Data for review.
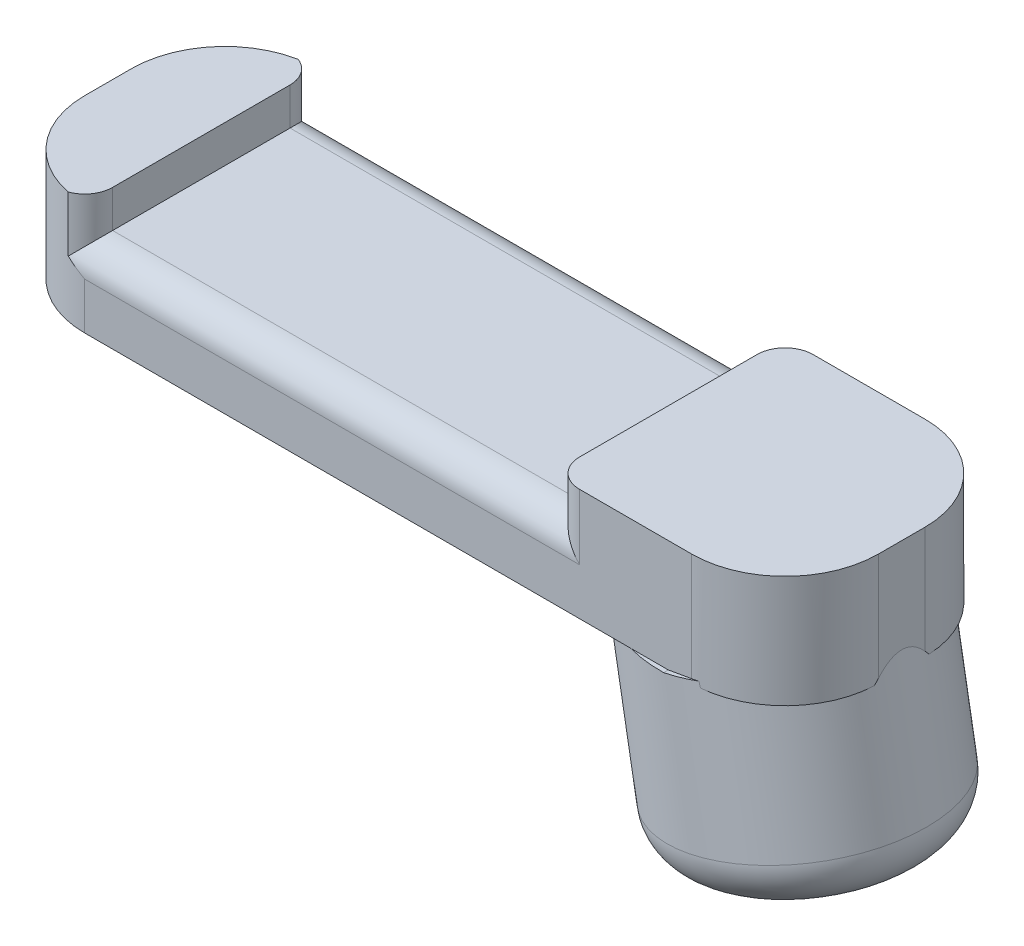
ISO-10303-21;
HEADER;
FILE_DESCRIPTION(('STEP AP214'),'2;1');
FILE_NAME('part.step','',(''),(''),'','','');
FILE_SCHEMA(('AUTOMOTIVE_DESIGN { 1 0 10303 214 1 1 1 1 }'));
ENDSEC;
DATA;
#1=APPLICATION_CONTEXT('core data for automotive mechanical design processes');
#2=APPLICATION_PROTOCOL_DEFINITION('international standard','automotive_design',2000,#1);
#3=PRODUCT_CONTEXT('',#1,'mechanical');
#4=PRODUCT('Part','Part','',(#3));
#5=PRODUCT_RELATED_PRODUCT_CATEGORY('part','',(#4));
#6=PRODUCT_DEFINITION_FORMATION('','',#4);
#7=PRODUCT_DEFINITION_CONTEXT('part definition',#1,'design');
#8=PRODUCT_DEFINITION('design','',#6,#7);
#9=PRODUCT_DEFINITION_SHAPE('','',#8);
#10=(LENGTH_UNIT() NAMED_UNIT(*) SI_UNIT(.MILLI.,.METRE.));
#11=(NAMED_UNIT(*) PLANE_ANGLE_UNIT() SI_UNIT($,.RADIAN.));
#12=(NAMED_UNIT(*) SI_UNIT($,.STERADIAN.) SOLID_ANGLE_UNIT());
#13=UNCERTAINTY_MEASURE_WITH_UNIT(LENGTH_MEASURE(1.E-05),#10,'distance_accuracy_value','');
#14=(GEOMETRIC_REPRESENTATION_CONTEXT(3) GLOBAL_UNCERTAINTY_ASSIGNED_CONTEXT((#13)) GLOBAL_UNIT_ASSIGNED_CONTEXT((#10,
#11,#12)) REPRESENTATION_CONTEXT('',''));
#15=CARTESIAN_POINT('',(0.,0.,0.));
#16=DIRECTION('',(0.,0.,1.));
#17=DIRECTION('',(1.,0.,0.));
#18=AXIS2_PLACEMENT_3D('',#15,#16,#17);
#19=CARTESIAN_POINT('',(-85.,-6.,12.5));
#20=DIRECTION('',(0.,-1.,0.));
#21=DIRECTION('',(0.,0.,-1.));
#22=AXIS2_PLACEMENT_3D('',#19,#20,#21);
#23=PLANE('',#22);
#24=CARTESIAN_POINT('',(-12.8694511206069,-6.,0.));
#25=DIRECTION('',(0.,-1.,0.));
#26=DIRECTION('',(1.,0.,0.));
#27=AXIS2_PLACEMENT_3D('',#24,#25,#26);
#28=ELLIPSE('',#27,10.6619794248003,10.5);
#29=CARTESIAN_POINT('',(-2.20747169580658,-6.,0.));
#30=VERTEX_POINT('',#29);
#31=EDGE_CURVE('E301',#30,#30,#28,.F.);
#32=ORIENTED_EDGE('',*,*,#31,.F.);
#33=EDGE_LOOP('',(#32));
#34=FACE_BOUND('',#33,.T.);
#35=CARTESIAN_POINT('',(-12.8694511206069,-6.,0.));
#36=DIRECTION('',(0.,-1.,0.));
#37=DIRECTION('',(1.,0.,0.));
#38=AXIS2_PLACEMENT_3D('',#35,#36,#37);
#39=ELLIPSE('',#38,8.12341289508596,8.);
#40=CARTESIAN_POINT('',(-4.74603822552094,-6.,0.));
#41=VERTEX_POINT('',#40);
#42=EDGE_CURVE('E77',#41,#41,#39,.F.);
#43=ORIENTED_EDGE('',*,*,#42,.T.);
#44=EDGE_LOOP('',(#43));
#45=FACE_BOUND('',#44,.T.);
#46=ADVANCED_FACE('F69',(#34,#45),#23,.T.);
#47=CARTESIAN_POINT('',(-10.,-5.99999999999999,-2.5));
#48=DIRECTION('',(0.,-1.,0.));
#49=DIRECTION('',(0.,0.,-1.));
#50=AXIS2_PLACEMENT_3D('',#47,#48,#49);
#51=CIRCLE('',#50,10.);
#52=CARTESIAN_POINT('',(-9.10343892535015,-5.99999999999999,-12.4597278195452));
#53=VERTEX_POINT('',#52);
#54=CARTESIAN_POINT('',(-0.00940525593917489,-5.99999999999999,-2.93360887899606));
#55=VERTEX_POINT('',#54);
#56=EDGE_CURVE('E341',#53,#55,#51,.T.);
#57=ORIENTED_EDGE('',*,*,#56,.T.);
#58=CARTESIAN_POINT('',(-12.8694511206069,-6.,0.));
#59=DIRECTION('',(0.,-1.,0.));
#60=DIRECTION('',(1.,0.,0.));
#61=AXIS2_PLACEMENT_3D('',#58,#59,#60);
#62=ELLIPSE('',#61,13.2005459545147,13.);
#63=EDGE_CURVE('E261',#55,#53,#62,.F.);
#64=ORIENTED_EDGE('',*,*,#63,.T.);
#65=EDGE_LOOP('',(#57,#64));
#66=FACE_BOUND('',#65,.T.);
#67=ADVANCED_FACE('F320',(#66),#23,.T.);
#68=DIRECTION('',(1.,0.,0.));
#69=VECTOR('',#68,1.);
#70=CARTESIAN_POINT('',(-85.,-5.99999999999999,-12.5));
#71=LINE('',#70,#69);
#72=CARTESIAN_POINT('',(-75.,-5.99999999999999,-12.5));
#73=VERTEX_POINT('',#72);
#74=CARTESIAN_POINT('',(-16.4952493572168,-5.99999999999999,-12.5));
#75=VERTEX_POINT('',#74);
#76=EDGE_CURVE('E384',#73,#75,#71,.T.);
#77=ORIENTED_EDGE('',*,*,#76,.T.);
#78=CARTESIAN_POINT('',(-12.8694511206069,-6.,0.));
#79=DIRECTION('',(0.,-1.,0.));
#80=DIRECTION('',(1.,0.,0.));
#81=AXIS2_PLACEMENT_3D('',#78,#79,#80);
#82=ELLIPSE('',#81,13.2005459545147,13.);
#83=CARTESIAN_POINT('',(-16.4952493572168,-6.,12.5));
#84=VERTEX_POINT('',#83);
#85=EDGE_CURVE('E237',#84,#75,#82,.T.);
#86=ORIENTED_EDGE('',*,*,#85,.F.);
#87=DIRECTION('',(1.,0.,0.));
#88=VECTOR('',#87,1.);
#89=CARTESIAN_POINT('',(-85.,-6.,12.5));
#90=LINE('',#89,#88);
#91=CARTESIAN_POINT('',(-75.,-6.,12.5));
#92=VERTEX_POINT('',#91);
#93=EDGE_CURVE('E381',#92,#84,#90,.T.);
#94=ORIENTED_EDGE('',*,*,#93,.F.);
#95=CARTESIAN_POINT('',(-75.,-5.99999999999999,2.5));
#96=DIRECTION('',(0.,-1.,0.));
#97=DIRECTION('',(0.,0.,-1.));
#98=AXIS2_PLACEMENT_3D('',#95,#96,#97);
#99=CIRCLE('',#98,10.);
#100=CARTESIAN_POINT('',(-85.,-5.99999999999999,2.5));
#101=VERTEX_POINT('',#100);
#102=EDGE_CURVE('E421',#92,#101,#99,.T.);
#103=ORIENTED_EDGE('',*,*,#102,.T.);
#104=DIRECTION('',(0.,0.,-1.));
#105=VECTOR('',#104,1.);
#106=CARTESIAN_POINT('',(-85.,-6.,12.5));
#107=LINE('',#106,#105);
#108=CARTESIAN_POINT('',(-85.,-5.99999999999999,-2.5));
#109=VERTEX_POINT('',#108);
#110=EDGE_CURVE('E392',#101,#109,#107,.T.);
#111=ORIENTED_EDGE('',*,*,#110,.T.);
#112=CARTESIAN_POINT('',(-75.,-5.99999999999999,-2.5));
#113=DIRECTION('',(0.,-1.,0.));
#114=DIRECTION('',(0.,0.,-1.));
#115=AXIS2_PLACEMENT_3D('',#112,#113,#114);
#116=CIRCLE('',#115,10.);
#117=EDGE_CURVE('E750',#109,#73,#116,.T.);
#118=ORIENTED_EDGE('',*,*,#117,.T.);
#119=EDGE_LOOP('',(#77,#86,#94,#103,#111,#118));
#120=FACE_BOUND('',#119,.T.);
#121=ADVANCED_FACE('F326',(#120),#23,.T.);
#122=CARTESIAN_POINT('',(-10.,-5.99999999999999,2.5));
#123=DIRECTION('',(0.,-1.,0.));
#124=DIRECTION('',(0.,0.,-1.));
#125=AXIS2_PLACEMENT_3D('',#122,#123,#124);
#126=CIRCLE('',#125,10.);
#127=CARTESIAN_POINT('',(-0.00940525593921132,-5.99999999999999,2.93360887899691));
#128=VERTEX_POINT('',#127);
#129=CARTESIAN_POINT('',(-9.10343892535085,-6.,12.4597278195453));
#130=VERTEX_POINT('',#129);
#131=EDGE_CURVE('E339',#128,#130,#126,.T.);
#132=ORIENTED_EDGE('',*,*,#131,.T.);
#133=EDGE_CURVE('E258',#130,#128,#62,.F.);
#134=ORIENTED_EDGE('',*,*,#133,.T.);
#135=EDGE_LOOP('',(#132,#134));
#136=FACE_BOUND('',#135,.T.);
#137=ADVANCED_FACE('F316',(#136),#23,.T.);
#138=CARTESIAN_POINT('',(-10.,0.,-2.5));
#139=DIRECTION('',(0.,1.,0.));
#140=DIRECTION('',(0.,0.,1.));
#141=AXIS2_PLACEMENT_3D('',#138,#139,#140);
#142=CYLINDRICAL_SURFACE('',#141,10.);
#143=DIRECTION('',(0.,1.,0.));
#144=VECTOR('',#143,1.);
#145=CARTESIAN_POINT('',(0.,0.,-2.5));
#146=LINE('',#145,#144);
#147=CARTESIAN_POINT('',(0.,-5.51962881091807,-2.5));
#148=VERTEX_POINT('',#147);
#149=CARTESIAN_POINT('',(0.,6.,-2.5));
#150=VERTEX_POINT('',#149);
#151=EDGE_CURVE('E356',#148,#150,#146,.T.);
#152=ORIENTED_EDGE('',*,*,#151,.F.);
#153=CARTESIAN_POINT('',(0.,-5.51962881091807,-2.5));
#154=CARTESIAN_POINT('',(1.6046536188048E-05,-5.60036819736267,-2.57155190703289));
#155=CARTESIAN_POINT('',(-0.000759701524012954,-5.68076882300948,-2.64346193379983));
#156=CARTESIAN_POINT('',(-0.00389478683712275,-5.84089255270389,-2.78799822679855));
#157=CARTESIAN_POINT('',(-0.00625412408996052,-5.92061565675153,-2.8606244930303));
#158=CARTESIAN_POINT('',(-0.00940525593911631,-6.0000000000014,-2.93360887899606));
#159=B_SPLINE_CURVE_WITH_KNOTS('',3,(#153,#154,#155,#156,#157,#158),.UNSPECIFIED.,.F.,.F.,(4,2,
4),(0.,0.323609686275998,0.647219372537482),.UNSPECIFIED.);
#160=EDGE_CURVE('E263',#148,#55,#159,.T.);
#161=ORIENTED_EDGE('',*,*,#160,.T.);
#162=ORIENTED_EDGE('',*,*,#56,.F.);
#163=CARTESIAN_POINT('',(-9.10343892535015,-5.99999999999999,-12.4597278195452));
#164=CARTESIAN_POINT('',(-9.16677162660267,-5.75096943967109,-12.4654163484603));
#165=CARTESIAN_POINT('',(-9.22758186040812,-5.50129587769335,-12.4702940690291));
#166=CARTESIAN_POINT('',(-9.34487475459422,-5.00097040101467,-12.4786938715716));
#167=CARTESIAN_POINT('',(-9.40135841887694,-4.75031872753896,-12.4822162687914));
#168=CARTESIAN_POINT('',(-9.51074322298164,-4.24823363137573,-12.4881737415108));
#169=CARTESIAN_POINT('',(-9.56364443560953,-3.996800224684,-12.4906088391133));
#170=CARTESIAN_POINT('',(-9.66639011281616,-3.49324035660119,-12.4945644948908));
#171=CARTESIAN_POINT('',(-9.71623386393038,-3.24111374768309,-12.4960848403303));
#172=CARTESIAN_POINT('',(-9.76479902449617,-2.98874592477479,-12.4972336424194));
#173=B_SPLINE_CURVE_WITH_KNOTS('',3,(#163,#164,#165,#166,#167,#168,#169,#170,#171,#172),
.UNSPECIFIED.,.F.,.F.,(4,2,2,2,4),(0.,0.771023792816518,1.54186813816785,2.31269681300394,
3.08370468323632),.UNSPECIFIED.);
#174=CARTESIAN_POINT('',(-9.24485749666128,-5.42603055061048,-12.4714472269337));
#175=VERTEX_POINT('',#174);
#176=EDGE_CURVE('E270',#53,#175,#173,.T.);
#177=ORIENTED_EDGE('',*,*,#176,.T.);
#178=CARTESIAN_POINT('',(-10.,-5.55918254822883,-2.5));
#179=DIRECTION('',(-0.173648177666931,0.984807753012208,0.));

Exercise brief.
Copy out precisely the lines from the line with "#41=VERTEX_POINT('',#40);" to the line with "#92=VERTEX_POINT('',#91);" in the material above, including those two lines and omitting all the rest.

Task result.
#41=VERTEX_POINT('',#40);
#42=EDGE_CURVE('E77',#41,#41,#39,.F.);
#43=ORIENTED_EDGE('',*,*,#42,.T.);
#44=EDGE_LOOP('',(#43));
#45=FACE_BOUND('',#44,.T.);
#46=ADVANCED_FACE('F69',(#34,#45),#23,.T.);
#47=CARTESIAN_POINT('',(-10.,-5.99999999999999,-2.5));
#48=DIRECTION('',(0.,-1.,0.));
#49=DIRECTION('',(0.,0.,-1.));
#50=AXIS2_PLACEMENT_3D('',#47,#48,#49);
#51=CIRCLE('',#50,10.);
#52=CARTESIAN_POINT('',(-9.10343892535015,-5.99999999999999,-12.4597278195452));
#53=VERTEX_POINT('',#52);
#54=CARTESIAN_POINT('',(-0.00940525593917489,-5.99999999999999,-2.93360887899606));
#55=VERTEX_POINT('',#54);
#56=EDGE_CURVE('E341',#53,#55,#51,.T.);
#57=ORIENTED_EDGE('',*,*,#56,.T.);
#58=CARTESIAN_POINT('',(-12.8694511206069,-6.,0.));
#59=DIRECTION('',(0.,-1.,0.));
#60=DIRECTION('',(1.,0.,0.));
#61=AXIS2_PLACEMENT_3D('',#58,#59,#60);
#62=ELLIPSE('',#61,13.2005459545147,13.);
#63=EDGE_CURVE('E261',#55,#53,#62,.F.);
#64=ORIENTED_EDGE('',*,*,#63,.T.);
#65=EDGE_LOOP('',(#57,#64));
#66=FACE_BOUND('',#65,.T.);
#67=ADVANCED_FACE('F320',(#66),#23,.T.);
#68=DIRECTION('',(1.,0.,0.));
#69=VECTOR('',#68,1.);
#70=CARTESIAN_POINT('',(-85.,-5.99999999999999,-12.5));
#71=LINE('',#70,#69);
#72=CARTESIAN_POINT('',(-75.,-5.99999999999999,-12.5));
#73=VERTEX_POINT('',#72);
#74=CARTESIAN_POINT('',(-16.4952493572168,-5.99999999999999,-12.5));
#75=VERTEX_POINT('',#74);
#76=EDGE_CURVE('E384',#73,#75,#71,.T.);
#77=ORIENTED_EDGE('',*,*,#76,.T.);
#78=CARTESIAN_POINT('',(-12.8694511206069,-6.,0.));
#79=DIRECTION('',(0.,-1.,0.));
#80=DIRECTION('',(1.,0.,0.));
#81=AXIS2_PLACEMENT_3D('',#78,#79,#80);
#82=ELLIPSE('',#81,13.2005459545147,13.);
#83=CARTESIAN_POINT('',(-16.4952493572168,-6.,12.5));
#84=VERTEX_POINT('',#83);
#85=EDGE_CURVE('E237',#84,#75,#82,.T.);
#86=ORIENTED_EDGE('',*,*,#85,.F.);
#87=DIRECTION('',(1.,0.,0.));
#88=VECTOR('',#87,1.);
#89=CARTESIAN_POINT('',(-85.,-6.,12.5));
#90=LINE('',#89,#88);
#91=CARTESIAN_POINT('',(-75.,-6.,12.5));
#92=VERTEX_POINT('',#91);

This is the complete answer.